I understand there might be some of you who have met Martians and will insist that they have heads, but either the person you met was not actually a Martian (a Venusian perhaps, I think they have heads) or you were not aware that Martians don elaborate gear that gives them the illusion of “headness”. Martians have their own word for the quality of headness, but since we have no biological capacity to speak Martian, they have politely rendered it into a word for human use, “umnaalom”. They think umnaalom makes humans more comfortable with their presence, plus it allows them to wear hats.

“This could be your name, no. 189”, with six variations. It could also be an asemic writing version of “umnaalom”.

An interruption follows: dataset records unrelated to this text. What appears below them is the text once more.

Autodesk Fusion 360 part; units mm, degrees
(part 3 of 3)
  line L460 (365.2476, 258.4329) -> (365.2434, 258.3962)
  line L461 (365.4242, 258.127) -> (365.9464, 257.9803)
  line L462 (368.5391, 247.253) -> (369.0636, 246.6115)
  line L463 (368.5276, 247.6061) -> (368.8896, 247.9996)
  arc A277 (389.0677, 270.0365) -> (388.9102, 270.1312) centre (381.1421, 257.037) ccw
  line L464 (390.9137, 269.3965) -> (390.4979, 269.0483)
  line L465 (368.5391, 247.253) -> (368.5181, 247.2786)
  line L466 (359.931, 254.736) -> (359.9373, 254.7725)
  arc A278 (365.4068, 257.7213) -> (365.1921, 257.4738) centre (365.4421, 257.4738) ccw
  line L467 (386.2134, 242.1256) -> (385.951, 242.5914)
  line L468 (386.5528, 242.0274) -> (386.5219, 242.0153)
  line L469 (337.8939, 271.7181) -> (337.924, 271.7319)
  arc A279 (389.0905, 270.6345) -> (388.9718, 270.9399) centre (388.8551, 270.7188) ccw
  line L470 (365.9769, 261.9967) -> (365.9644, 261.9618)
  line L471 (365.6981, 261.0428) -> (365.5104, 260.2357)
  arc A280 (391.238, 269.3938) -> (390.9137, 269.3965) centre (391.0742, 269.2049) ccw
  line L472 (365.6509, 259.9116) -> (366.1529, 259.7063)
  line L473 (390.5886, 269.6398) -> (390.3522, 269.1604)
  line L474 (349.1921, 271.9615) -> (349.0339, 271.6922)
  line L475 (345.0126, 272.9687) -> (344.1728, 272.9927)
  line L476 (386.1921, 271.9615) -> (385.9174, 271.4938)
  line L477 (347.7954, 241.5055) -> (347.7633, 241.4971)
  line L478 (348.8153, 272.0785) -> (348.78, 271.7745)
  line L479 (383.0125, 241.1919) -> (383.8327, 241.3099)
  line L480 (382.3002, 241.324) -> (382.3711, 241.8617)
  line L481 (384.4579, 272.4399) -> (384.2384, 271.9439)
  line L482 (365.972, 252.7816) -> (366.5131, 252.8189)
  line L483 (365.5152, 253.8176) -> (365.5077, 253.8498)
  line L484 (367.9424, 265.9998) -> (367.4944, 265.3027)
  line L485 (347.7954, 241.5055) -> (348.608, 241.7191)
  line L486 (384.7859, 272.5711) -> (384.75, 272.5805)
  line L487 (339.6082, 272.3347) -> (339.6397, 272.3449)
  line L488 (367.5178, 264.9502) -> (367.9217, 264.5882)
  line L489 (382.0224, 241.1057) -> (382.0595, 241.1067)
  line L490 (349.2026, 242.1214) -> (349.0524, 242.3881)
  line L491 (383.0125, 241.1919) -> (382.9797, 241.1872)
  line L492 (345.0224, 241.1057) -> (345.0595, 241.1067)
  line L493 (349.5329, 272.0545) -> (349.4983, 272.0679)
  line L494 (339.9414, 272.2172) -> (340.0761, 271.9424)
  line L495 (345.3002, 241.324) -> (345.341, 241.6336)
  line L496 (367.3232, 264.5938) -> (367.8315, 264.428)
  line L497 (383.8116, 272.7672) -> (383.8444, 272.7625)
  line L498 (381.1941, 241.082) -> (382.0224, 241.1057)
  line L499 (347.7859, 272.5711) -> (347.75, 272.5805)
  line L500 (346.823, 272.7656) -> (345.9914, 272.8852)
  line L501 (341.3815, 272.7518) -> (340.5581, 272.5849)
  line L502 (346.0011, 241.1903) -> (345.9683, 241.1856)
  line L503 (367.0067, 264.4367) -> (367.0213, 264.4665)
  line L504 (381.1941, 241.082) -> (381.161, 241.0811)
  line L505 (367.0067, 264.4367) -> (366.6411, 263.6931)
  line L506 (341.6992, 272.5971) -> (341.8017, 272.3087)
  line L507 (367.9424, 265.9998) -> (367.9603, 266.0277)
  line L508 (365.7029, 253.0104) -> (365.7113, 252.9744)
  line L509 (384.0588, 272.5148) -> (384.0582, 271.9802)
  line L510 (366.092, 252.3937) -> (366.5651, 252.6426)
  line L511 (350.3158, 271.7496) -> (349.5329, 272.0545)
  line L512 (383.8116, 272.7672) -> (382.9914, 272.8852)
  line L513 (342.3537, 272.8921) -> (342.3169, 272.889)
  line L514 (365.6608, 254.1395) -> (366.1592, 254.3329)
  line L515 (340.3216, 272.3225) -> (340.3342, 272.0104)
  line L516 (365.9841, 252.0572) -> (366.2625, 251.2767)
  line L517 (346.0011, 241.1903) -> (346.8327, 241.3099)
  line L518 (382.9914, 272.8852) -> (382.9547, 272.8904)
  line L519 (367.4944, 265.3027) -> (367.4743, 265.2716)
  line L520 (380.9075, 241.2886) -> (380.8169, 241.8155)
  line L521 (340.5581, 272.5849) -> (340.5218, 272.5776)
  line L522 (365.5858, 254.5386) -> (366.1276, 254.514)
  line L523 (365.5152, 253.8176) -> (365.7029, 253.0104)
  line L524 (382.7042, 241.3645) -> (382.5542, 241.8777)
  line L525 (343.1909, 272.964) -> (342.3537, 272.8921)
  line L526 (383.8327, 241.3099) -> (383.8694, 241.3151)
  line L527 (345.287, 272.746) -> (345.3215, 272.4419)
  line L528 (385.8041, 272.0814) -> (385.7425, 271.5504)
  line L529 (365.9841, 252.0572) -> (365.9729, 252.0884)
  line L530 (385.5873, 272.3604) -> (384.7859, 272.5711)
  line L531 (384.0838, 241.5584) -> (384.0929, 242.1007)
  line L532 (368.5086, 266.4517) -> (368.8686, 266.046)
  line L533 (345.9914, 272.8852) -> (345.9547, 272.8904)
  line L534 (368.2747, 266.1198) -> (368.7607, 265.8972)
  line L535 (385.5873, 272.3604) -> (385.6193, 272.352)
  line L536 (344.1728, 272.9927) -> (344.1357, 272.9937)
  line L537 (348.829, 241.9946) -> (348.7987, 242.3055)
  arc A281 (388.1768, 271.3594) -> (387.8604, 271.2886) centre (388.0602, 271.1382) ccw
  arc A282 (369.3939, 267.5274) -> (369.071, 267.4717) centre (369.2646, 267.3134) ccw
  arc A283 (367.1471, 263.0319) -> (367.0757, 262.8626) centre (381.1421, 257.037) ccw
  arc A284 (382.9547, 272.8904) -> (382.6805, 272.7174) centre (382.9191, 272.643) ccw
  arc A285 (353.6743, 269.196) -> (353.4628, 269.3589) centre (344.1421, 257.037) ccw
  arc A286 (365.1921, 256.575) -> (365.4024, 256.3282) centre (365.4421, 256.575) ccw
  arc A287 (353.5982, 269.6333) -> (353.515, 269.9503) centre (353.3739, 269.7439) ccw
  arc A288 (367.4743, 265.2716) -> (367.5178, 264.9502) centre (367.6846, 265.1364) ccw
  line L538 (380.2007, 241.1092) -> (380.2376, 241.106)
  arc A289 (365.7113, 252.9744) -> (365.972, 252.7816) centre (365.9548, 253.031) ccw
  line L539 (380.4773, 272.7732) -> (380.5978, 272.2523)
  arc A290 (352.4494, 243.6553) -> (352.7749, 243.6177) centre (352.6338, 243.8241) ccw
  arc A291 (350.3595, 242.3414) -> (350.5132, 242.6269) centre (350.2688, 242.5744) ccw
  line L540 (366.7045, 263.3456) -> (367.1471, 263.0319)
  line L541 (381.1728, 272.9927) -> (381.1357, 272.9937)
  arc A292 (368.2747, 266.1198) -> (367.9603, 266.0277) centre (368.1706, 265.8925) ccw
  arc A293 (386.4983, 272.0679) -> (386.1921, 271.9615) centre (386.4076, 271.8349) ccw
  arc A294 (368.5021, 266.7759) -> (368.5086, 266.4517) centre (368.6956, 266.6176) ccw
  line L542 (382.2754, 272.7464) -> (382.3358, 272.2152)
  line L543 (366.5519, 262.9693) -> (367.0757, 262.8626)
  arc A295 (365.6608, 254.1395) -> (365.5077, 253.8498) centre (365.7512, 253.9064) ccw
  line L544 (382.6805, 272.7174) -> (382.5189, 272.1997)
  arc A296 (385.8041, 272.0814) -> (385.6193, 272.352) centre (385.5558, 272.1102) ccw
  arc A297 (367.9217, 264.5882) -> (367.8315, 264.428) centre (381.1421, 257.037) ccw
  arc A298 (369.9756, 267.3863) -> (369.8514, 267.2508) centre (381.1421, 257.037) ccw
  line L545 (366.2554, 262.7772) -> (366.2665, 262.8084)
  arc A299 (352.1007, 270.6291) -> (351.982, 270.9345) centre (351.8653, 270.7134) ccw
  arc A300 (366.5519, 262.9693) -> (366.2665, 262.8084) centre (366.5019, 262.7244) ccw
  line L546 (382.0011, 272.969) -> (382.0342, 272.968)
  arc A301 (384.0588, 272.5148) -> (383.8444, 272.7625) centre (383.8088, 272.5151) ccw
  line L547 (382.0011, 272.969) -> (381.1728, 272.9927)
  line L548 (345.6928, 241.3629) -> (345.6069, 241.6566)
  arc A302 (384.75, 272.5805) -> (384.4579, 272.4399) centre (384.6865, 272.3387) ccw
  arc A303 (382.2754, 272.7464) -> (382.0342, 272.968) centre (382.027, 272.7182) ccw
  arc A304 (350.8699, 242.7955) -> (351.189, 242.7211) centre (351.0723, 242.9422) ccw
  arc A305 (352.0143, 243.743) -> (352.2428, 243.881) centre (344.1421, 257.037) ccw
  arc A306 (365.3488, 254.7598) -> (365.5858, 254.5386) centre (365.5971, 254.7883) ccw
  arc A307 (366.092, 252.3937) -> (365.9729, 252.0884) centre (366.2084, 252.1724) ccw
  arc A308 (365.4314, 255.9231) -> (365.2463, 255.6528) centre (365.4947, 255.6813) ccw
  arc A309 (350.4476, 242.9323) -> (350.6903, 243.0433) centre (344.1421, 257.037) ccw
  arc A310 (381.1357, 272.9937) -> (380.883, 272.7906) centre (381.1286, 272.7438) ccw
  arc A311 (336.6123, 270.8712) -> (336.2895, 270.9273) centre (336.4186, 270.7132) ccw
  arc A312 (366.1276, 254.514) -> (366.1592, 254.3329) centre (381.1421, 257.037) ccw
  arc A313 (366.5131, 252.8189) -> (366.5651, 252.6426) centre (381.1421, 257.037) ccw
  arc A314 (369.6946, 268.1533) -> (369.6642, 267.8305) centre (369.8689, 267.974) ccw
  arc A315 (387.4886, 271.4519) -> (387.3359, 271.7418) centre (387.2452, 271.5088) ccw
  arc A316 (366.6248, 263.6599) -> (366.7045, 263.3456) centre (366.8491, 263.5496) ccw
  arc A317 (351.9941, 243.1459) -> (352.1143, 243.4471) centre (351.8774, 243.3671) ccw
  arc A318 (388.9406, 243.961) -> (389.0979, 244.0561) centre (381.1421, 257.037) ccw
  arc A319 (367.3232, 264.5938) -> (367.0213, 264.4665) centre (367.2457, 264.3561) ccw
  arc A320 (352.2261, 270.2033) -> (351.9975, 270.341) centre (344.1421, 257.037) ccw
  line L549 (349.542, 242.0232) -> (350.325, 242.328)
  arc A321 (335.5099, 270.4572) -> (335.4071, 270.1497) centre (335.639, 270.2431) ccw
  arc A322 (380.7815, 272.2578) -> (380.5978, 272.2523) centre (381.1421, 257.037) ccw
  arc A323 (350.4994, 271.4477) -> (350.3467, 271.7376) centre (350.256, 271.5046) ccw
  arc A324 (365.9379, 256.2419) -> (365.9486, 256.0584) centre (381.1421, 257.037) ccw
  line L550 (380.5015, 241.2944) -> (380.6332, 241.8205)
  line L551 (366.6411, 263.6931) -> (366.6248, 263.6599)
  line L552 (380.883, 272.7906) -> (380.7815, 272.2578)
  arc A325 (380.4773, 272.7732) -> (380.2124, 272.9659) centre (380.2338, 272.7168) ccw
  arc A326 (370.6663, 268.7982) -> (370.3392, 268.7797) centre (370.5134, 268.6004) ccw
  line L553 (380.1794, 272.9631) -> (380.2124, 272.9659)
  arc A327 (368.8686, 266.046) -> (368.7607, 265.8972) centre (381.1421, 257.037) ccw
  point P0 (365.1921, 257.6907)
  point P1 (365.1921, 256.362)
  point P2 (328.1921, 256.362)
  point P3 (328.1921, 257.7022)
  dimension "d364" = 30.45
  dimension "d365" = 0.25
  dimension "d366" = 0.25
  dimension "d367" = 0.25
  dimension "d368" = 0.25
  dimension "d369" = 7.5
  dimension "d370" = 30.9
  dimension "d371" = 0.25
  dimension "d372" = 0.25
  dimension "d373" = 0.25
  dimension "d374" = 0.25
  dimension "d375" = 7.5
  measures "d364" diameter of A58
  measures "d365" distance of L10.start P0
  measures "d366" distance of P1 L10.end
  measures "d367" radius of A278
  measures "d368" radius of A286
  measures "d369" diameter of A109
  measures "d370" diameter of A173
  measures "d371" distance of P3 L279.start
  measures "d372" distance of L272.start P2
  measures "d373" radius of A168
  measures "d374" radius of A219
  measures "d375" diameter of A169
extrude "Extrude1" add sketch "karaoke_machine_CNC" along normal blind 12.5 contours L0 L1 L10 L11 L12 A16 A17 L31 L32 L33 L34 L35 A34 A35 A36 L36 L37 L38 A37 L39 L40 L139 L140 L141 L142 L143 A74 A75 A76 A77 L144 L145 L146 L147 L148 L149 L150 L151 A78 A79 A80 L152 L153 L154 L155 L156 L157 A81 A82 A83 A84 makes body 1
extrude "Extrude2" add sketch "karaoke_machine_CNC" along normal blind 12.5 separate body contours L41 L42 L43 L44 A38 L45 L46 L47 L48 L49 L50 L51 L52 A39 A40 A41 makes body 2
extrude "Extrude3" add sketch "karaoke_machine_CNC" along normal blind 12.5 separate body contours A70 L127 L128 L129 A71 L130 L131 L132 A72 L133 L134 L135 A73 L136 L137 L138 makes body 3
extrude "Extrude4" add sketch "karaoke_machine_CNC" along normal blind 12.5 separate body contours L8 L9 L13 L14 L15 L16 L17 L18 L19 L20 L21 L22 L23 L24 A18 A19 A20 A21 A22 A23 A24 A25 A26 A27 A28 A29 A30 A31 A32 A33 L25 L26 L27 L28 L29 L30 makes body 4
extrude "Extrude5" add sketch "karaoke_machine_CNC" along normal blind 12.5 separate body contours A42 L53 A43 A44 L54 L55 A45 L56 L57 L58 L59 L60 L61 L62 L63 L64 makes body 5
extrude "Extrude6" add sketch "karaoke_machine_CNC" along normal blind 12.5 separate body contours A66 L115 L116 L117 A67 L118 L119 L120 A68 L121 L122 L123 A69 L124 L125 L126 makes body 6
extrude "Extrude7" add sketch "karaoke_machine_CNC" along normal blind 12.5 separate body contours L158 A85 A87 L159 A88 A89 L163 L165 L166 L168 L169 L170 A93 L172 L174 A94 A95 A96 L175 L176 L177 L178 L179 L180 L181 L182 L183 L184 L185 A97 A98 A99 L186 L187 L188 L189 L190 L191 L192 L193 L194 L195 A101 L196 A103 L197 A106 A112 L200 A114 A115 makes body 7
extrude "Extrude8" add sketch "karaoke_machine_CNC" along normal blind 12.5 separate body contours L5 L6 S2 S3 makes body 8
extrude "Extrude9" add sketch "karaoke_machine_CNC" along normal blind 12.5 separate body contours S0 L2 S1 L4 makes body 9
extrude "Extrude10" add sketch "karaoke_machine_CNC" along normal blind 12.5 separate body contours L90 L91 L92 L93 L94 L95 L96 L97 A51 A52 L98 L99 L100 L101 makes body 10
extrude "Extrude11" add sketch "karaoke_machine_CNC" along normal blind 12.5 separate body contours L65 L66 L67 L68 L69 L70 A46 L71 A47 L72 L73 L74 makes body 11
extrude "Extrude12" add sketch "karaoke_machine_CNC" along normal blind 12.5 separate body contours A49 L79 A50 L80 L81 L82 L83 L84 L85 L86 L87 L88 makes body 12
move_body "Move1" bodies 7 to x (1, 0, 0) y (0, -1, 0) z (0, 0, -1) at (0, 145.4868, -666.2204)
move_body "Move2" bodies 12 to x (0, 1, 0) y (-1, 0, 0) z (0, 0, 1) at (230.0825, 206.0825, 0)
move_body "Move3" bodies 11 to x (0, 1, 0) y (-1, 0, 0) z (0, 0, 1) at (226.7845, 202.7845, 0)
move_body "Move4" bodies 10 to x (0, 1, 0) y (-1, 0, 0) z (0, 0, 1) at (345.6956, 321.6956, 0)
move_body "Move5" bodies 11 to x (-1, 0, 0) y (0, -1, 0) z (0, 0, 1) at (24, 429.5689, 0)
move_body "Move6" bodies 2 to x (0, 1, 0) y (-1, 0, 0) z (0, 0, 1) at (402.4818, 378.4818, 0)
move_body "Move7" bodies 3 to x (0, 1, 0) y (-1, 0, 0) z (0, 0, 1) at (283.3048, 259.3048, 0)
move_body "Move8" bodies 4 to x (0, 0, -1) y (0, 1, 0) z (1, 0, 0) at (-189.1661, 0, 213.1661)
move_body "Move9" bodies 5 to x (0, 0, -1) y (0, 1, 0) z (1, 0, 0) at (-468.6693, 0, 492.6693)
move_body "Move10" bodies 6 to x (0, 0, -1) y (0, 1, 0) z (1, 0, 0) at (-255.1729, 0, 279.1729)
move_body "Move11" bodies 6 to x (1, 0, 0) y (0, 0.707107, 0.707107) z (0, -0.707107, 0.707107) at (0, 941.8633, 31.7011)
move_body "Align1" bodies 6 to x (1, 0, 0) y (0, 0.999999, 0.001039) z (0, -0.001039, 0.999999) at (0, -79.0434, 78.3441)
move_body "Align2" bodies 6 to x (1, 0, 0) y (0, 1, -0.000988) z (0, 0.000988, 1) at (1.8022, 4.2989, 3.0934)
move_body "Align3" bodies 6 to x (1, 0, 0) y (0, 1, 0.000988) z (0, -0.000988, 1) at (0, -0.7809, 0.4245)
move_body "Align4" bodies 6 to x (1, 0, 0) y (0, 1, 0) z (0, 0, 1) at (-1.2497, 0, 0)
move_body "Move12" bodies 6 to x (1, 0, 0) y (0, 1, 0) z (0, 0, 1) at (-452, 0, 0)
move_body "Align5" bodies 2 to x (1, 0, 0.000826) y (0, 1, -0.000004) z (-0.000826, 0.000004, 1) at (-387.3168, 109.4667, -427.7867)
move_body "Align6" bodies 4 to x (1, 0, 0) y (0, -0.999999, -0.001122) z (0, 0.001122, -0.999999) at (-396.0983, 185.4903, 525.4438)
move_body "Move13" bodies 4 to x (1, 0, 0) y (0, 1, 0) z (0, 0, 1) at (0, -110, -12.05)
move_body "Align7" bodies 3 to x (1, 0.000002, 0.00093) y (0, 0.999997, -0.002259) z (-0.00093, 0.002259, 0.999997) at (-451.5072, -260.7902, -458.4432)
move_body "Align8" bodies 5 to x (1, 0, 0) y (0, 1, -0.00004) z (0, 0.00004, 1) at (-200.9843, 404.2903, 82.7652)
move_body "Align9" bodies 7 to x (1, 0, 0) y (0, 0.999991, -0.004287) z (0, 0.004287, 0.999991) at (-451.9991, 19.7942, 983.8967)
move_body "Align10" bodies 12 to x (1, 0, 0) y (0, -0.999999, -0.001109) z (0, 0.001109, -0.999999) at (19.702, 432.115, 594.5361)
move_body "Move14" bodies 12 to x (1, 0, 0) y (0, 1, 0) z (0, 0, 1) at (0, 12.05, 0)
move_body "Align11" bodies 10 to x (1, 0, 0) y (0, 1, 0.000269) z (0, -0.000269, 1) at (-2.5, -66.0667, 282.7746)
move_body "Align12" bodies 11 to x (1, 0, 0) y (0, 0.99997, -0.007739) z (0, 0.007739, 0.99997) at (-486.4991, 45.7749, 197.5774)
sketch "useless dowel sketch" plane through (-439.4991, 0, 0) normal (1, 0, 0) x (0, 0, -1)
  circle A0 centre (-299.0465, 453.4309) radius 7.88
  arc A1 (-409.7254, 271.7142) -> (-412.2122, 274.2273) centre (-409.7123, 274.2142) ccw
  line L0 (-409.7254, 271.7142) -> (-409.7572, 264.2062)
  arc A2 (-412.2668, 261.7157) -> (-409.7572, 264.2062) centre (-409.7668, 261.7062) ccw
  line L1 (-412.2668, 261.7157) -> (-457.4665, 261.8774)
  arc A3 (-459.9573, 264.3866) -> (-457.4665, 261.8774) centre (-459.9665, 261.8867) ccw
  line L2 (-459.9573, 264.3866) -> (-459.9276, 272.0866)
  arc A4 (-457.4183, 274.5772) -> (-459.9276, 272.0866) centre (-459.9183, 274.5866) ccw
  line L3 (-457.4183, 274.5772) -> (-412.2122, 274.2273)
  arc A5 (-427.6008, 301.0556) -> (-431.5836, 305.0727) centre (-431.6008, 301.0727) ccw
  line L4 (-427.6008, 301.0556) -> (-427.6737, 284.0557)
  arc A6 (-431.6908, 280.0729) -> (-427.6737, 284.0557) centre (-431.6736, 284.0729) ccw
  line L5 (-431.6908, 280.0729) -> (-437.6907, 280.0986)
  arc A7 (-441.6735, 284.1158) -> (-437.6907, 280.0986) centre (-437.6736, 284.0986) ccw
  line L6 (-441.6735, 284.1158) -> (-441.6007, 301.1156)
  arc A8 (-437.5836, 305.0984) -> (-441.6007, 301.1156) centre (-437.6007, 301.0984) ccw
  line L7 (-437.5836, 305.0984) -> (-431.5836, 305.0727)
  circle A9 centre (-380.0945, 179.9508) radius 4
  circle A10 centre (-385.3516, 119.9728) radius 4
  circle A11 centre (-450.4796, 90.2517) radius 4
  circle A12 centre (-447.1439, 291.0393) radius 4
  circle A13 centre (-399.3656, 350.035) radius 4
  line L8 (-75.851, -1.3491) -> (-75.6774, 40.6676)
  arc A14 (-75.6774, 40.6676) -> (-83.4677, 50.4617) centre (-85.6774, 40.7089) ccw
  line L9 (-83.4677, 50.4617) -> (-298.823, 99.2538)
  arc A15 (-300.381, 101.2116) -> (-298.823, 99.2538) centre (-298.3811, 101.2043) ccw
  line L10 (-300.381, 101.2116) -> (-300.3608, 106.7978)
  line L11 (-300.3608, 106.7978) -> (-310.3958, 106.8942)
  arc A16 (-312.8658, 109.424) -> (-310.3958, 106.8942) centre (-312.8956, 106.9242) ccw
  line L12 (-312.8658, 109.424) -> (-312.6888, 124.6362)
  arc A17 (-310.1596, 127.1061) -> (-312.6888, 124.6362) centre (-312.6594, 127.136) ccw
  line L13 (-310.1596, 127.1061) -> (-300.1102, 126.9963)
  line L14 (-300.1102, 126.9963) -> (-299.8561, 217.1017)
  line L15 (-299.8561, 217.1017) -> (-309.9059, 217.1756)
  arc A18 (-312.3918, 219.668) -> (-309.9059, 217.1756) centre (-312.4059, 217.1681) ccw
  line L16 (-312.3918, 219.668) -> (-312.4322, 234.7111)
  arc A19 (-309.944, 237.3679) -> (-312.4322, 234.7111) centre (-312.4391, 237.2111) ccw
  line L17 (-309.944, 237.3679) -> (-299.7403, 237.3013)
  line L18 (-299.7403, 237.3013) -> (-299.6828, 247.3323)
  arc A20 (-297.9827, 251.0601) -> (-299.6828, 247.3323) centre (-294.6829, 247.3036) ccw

I believe that the sensory information Martians receive from the scent of freshly brewed coffee includes experiences that equate to visual and auditory hallucinations for humans. Whatever the experience is for Martians, it must be phenomenal, for them to use their horribly limited supply of liquid, pure water for such an extravagant use. Yet Martians are by nature extravagant, very charmingly so. To be in their company is such a joy that a human sense of delight can become quite exhausted after a few hours. Jackalopes have more stamina for marvelous events, which must be beneficial in their successful associations with the denizens of the red planet.